Adapting the diet of oncology patients according to the stage of their illness and treatment ensures a good nutritional state. If the patient is well nourished, there will be less risk of malnutrition, their immune system will be stronger and treatments will be more effective.
The most important aspects to take into account in order to carry out a personalised nutritional plan are: the type of tumour and its stage, the characteristics of each patient and the side effects of the treatment to be followed.
We must bear in mind that each tumour is different, so a tumour located in the digestive tract is not the same as a breast tumour, for example. We must also take into account that each patient is different in terms of tastes, age, sex… And lastly, we must consider that treatments do not produce the same side effects in all people.
Improving or maintaining the patient’s nutritional status by adapting their diet to the adverse effects both in the short and long term is the main objective of oncological dietary personalisation. Thus, a breast cancer patient taking hormone treatment should focus on avoiding the accumulation of abdominal fat, as well as adapting their diet to the osteo-muscular effects that this treatment may produce. On the other hand, in the case of a patient with digestive cancer, the focus should be on avoiding weight/muscle loss or treating the possible intestinal dysbiosis that the treatment may cause.
In order to draw up a nutritional plan, as much information as possible must be obtained about the patient and their illness through a clinical history, a dietary-nutritional study, as well as knowledge of their habits and lifestyle. With this information, the objectives to be worked on with the patient (main and secondary) are established, as well as correcting any possible errors observed.
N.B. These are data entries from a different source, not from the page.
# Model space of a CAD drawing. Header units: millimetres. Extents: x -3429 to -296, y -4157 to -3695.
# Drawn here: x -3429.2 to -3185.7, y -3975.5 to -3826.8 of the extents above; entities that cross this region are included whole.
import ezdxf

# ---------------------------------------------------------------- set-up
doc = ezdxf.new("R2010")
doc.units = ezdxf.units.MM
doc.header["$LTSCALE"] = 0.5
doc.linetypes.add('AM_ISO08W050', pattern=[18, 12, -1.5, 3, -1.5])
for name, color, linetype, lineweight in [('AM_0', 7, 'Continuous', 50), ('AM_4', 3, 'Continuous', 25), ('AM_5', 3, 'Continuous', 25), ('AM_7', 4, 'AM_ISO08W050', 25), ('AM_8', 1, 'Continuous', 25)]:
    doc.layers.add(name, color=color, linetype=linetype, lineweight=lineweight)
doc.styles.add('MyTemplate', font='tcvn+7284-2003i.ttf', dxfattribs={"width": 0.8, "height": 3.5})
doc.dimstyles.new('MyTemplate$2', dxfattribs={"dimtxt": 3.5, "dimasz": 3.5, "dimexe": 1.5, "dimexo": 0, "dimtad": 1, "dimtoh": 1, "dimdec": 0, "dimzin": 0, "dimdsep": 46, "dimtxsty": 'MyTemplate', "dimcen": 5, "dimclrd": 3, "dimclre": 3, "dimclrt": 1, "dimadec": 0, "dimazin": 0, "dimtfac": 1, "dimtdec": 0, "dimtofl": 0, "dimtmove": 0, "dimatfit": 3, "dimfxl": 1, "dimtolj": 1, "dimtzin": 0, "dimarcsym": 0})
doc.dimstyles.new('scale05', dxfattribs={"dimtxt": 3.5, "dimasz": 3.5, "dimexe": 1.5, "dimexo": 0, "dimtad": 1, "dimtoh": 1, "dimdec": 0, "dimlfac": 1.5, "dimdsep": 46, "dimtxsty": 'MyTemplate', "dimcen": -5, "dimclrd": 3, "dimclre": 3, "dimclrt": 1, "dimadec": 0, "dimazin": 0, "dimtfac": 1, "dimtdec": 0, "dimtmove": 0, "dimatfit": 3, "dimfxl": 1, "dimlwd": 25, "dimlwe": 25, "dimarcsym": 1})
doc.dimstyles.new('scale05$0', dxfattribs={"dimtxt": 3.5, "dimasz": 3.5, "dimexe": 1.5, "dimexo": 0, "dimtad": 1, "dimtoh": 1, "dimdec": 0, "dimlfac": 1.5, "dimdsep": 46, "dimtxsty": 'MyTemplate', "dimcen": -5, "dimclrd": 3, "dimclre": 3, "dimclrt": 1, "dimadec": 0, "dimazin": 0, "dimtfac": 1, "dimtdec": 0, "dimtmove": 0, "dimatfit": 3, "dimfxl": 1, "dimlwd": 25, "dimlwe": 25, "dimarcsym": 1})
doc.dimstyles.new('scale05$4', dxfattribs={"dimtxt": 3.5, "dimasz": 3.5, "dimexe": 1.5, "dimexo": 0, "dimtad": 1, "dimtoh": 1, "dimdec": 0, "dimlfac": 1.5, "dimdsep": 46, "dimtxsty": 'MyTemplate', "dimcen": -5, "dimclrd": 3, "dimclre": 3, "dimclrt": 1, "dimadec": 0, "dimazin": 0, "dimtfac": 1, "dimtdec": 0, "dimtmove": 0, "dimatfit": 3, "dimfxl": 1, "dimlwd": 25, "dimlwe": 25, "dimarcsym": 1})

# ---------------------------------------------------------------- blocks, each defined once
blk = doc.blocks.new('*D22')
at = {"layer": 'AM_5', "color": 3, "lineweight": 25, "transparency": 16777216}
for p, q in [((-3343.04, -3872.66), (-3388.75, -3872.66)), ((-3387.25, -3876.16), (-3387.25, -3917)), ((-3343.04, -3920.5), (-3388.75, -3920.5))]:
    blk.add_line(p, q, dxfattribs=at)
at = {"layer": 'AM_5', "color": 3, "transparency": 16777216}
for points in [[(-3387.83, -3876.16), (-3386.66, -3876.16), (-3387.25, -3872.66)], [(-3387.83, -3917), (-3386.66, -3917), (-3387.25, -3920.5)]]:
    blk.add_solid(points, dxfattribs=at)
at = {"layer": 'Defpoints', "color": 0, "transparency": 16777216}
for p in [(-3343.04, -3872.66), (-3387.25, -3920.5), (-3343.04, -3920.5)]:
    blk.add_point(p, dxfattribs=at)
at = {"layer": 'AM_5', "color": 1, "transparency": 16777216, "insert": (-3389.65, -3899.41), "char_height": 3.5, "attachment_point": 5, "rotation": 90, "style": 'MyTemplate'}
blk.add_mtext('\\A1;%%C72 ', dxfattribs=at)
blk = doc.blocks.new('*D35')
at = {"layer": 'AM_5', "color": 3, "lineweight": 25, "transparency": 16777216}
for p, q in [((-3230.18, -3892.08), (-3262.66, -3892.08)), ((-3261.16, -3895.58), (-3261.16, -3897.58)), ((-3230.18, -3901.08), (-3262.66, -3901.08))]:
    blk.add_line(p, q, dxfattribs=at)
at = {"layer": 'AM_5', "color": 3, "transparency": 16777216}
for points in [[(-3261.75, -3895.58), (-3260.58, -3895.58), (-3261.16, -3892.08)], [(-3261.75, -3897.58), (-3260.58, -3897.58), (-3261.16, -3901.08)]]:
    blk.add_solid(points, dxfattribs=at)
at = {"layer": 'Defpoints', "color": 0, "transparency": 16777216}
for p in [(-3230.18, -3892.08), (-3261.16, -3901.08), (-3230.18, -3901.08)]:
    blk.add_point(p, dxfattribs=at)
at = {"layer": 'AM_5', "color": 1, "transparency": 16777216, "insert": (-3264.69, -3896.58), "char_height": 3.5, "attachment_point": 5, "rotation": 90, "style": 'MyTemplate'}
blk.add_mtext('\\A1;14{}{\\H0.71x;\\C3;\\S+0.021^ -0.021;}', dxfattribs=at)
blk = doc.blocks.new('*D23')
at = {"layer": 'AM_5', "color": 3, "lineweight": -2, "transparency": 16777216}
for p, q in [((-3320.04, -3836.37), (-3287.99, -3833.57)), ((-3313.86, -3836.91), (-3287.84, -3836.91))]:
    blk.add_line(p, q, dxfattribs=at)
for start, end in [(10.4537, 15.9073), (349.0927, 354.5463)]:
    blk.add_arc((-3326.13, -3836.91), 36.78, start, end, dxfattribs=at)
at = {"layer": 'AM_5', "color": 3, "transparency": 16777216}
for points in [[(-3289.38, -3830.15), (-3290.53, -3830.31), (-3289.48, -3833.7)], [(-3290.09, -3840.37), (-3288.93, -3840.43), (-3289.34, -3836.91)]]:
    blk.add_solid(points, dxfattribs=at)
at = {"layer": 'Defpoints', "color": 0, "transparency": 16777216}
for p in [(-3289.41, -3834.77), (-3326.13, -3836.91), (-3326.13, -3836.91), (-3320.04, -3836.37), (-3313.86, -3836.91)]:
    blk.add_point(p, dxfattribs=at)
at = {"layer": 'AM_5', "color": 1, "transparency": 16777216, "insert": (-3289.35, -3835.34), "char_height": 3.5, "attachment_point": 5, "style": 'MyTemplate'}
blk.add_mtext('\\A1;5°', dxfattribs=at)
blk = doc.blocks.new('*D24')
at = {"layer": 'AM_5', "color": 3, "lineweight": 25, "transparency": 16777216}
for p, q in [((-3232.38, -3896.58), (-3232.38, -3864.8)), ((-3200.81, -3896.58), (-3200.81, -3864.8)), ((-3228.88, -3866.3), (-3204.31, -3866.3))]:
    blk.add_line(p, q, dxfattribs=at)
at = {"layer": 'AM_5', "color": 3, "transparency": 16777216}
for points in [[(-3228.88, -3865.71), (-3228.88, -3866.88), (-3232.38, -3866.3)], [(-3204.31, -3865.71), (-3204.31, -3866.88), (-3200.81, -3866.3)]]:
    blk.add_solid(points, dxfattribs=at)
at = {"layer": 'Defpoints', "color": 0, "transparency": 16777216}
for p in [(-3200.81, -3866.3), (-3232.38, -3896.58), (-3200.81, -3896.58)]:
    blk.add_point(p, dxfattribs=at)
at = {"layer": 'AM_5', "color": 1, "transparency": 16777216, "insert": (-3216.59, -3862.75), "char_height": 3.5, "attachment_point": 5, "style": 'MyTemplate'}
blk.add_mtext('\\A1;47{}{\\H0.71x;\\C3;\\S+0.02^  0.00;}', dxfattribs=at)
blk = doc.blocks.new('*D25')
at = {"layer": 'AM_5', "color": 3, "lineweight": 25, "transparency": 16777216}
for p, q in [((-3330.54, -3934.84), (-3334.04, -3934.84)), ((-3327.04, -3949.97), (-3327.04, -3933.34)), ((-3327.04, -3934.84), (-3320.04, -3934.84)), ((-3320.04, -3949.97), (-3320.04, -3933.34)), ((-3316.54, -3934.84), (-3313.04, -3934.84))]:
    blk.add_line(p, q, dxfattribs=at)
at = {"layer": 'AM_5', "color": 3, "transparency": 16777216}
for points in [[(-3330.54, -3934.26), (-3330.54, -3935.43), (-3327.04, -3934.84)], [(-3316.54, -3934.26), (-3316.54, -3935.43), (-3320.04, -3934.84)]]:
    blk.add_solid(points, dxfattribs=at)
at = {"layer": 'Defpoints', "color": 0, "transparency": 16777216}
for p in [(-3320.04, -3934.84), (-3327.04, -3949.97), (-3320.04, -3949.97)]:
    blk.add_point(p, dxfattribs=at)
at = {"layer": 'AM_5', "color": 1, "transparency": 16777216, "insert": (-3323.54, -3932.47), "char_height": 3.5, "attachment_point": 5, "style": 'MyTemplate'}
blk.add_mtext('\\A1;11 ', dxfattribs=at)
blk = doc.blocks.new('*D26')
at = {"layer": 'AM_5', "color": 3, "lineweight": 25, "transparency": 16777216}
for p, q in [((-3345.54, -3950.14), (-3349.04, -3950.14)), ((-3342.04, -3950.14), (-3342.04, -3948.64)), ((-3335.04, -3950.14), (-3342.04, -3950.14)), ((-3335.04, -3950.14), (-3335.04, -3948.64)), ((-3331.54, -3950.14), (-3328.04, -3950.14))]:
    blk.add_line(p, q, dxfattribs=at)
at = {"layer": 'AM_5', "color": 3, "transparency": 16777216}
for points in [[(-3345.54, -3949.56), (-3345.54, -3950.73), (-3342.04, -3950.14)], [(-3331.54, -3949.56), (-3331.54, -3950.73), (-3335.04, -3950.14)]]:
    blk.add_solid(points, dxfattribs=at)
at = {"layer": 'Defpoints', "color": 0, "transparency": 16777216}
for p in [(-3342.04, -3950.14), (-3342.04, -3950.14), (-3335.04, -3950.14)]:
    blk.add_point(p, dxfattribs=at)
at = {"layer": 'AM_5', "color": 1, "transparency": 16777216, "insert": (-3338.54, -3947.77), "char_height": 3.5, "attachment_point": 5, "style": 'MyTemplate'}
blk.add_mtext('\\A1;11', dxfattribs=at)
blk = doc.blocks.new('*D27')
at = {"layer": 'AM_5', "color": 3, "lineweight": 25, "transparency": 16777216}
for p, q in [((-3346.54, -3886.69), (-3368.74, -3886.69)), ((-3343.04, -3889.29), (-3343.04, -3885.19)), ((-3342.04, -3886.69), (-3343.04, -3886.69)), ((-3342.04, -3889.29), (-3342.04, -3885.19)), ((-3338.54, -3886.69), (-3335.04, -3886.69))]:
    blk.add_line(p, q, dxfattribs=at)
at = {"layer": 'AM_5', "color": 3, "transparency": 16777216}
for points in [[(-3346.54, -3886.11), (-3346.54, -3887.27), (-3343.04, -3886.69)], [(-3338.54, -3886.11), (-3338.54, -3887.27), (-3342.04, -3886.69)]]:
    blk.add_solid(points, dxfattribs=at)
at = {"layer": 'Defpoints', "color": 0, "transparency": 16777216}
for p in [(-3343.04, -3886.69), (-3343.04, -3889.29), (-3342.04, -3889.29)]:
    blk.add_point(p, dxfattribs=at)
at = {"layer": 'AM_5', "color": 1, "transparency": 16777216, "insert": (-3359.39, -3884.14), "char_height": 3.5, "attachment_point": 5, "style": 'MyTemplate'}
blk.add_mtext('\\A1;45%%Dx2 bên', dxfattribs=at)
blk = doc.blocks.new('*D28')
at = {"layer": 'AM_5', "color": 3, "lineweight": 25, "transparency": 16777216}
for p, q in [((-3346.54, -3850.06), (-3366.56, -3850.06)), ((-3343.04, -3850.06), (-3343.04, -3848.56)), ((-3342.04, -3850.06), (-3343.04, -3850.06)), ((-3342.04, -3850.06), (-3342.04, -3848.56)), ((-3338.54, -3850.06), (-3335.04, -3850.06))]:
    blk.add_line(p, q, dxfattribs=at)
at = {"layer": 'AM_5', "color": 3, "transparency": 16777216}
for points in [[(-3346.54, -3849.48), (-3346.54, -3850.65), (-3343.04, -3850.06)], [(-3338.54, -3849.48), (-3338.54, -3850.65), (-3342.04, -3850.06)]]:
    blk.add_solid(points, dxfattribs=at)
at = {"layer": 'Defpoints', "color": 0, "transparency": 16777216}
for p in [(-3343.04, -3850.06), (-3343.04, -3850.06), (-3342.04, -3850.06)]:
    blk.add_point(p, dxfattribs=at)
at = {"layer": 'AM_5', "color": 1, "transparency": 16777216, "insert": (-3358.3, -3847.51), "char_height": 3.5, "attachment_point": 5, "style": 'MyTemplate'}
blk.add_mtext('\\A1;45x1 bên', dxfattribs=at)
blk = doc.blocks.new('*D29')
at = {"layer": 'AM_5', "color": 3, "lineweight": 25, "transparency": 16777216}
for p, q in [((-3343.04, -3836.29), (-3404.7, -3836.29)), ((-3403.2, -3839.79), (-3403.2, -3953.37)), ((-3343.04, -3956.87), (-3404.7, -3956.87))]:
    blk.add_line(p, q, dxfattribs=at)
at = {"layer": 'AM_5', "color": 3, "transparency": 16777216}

Some of the aspects to be included are: appropriate cooking techniques, recommendations to apply the day before/day of the treatment session such as chemotherapy, menus, recipes, preparation of homemade supplements, techniques for enriching intakes, etc.
The oncology patient is a very special patient, as he/she is at the greatest risk of malnutrition, both due to energy deficit and excess. Weight and muscle loss as well as fat gain can have consequences on their disease, quality of life and survival.
The following are some of the reasons why a proper nutrition plan is important in this type of patient:
1- Prevention of malnutrition. Malnutrition is a common complication of this disease and can negatively affect the body’s ability to help fight it. Adequate nutrition can prevent malnutrition and maintain the body’s strength and energy during cancer treatment.
2- Maintaining a stable weight. Weight loss is common in these patients, which can weaken the body and decrease the body’s ability to respond to treatment. Adequate nutrition can help to maintain a healthy weight, avoiding abdominal fat gain as occurs in some types of tumours associated with hormonal treatments that carry a risk of loss of efficacy, as well as a risk of relapses in the disease.
3- Strengthening the immune system. An appropriate diet can help strengthen the immune system, which is often weakened during treatment.
4- Improved wound healing. Surgery is a common treatment in oncological treatment. Adequate protein intake can help speed up the healing process and reduce the pain and discomfort associated with surgery.
5- Reduction of the side effects of treatments. The treatments applied in oncological disease often cause side effects such as nausea, vomiting, diarrhoea, loss of appetite, obesity, dysbiosis, stomatitis, xerostomia, constipation, dysphagia, etc. An appropriate and adapted diet can help reduce these side effects and improve the patient’s quality of life during treatment.
Just as important as the personalised regimen is its follow-up. It is necessary to check that the objectives are being met, to adapt the plan to the changes that may appear in the patient and to the possible adverse effects that may arise. A weekly check-up should be carried out for a variable period of one to three months.
In summary, we can conclude that:
1- Cancer disease and the treatments used to treat it can affect the body’s ability to obtain the nutrients it needs, which can lead to malnutrition.
2- It is very important for cancer patients to have the right diet to maintain their health and well-being both physically and emotionally during treatment, thus improving their quality of life.
3- Personalised nutrition is a very important part of the cancer treatment process.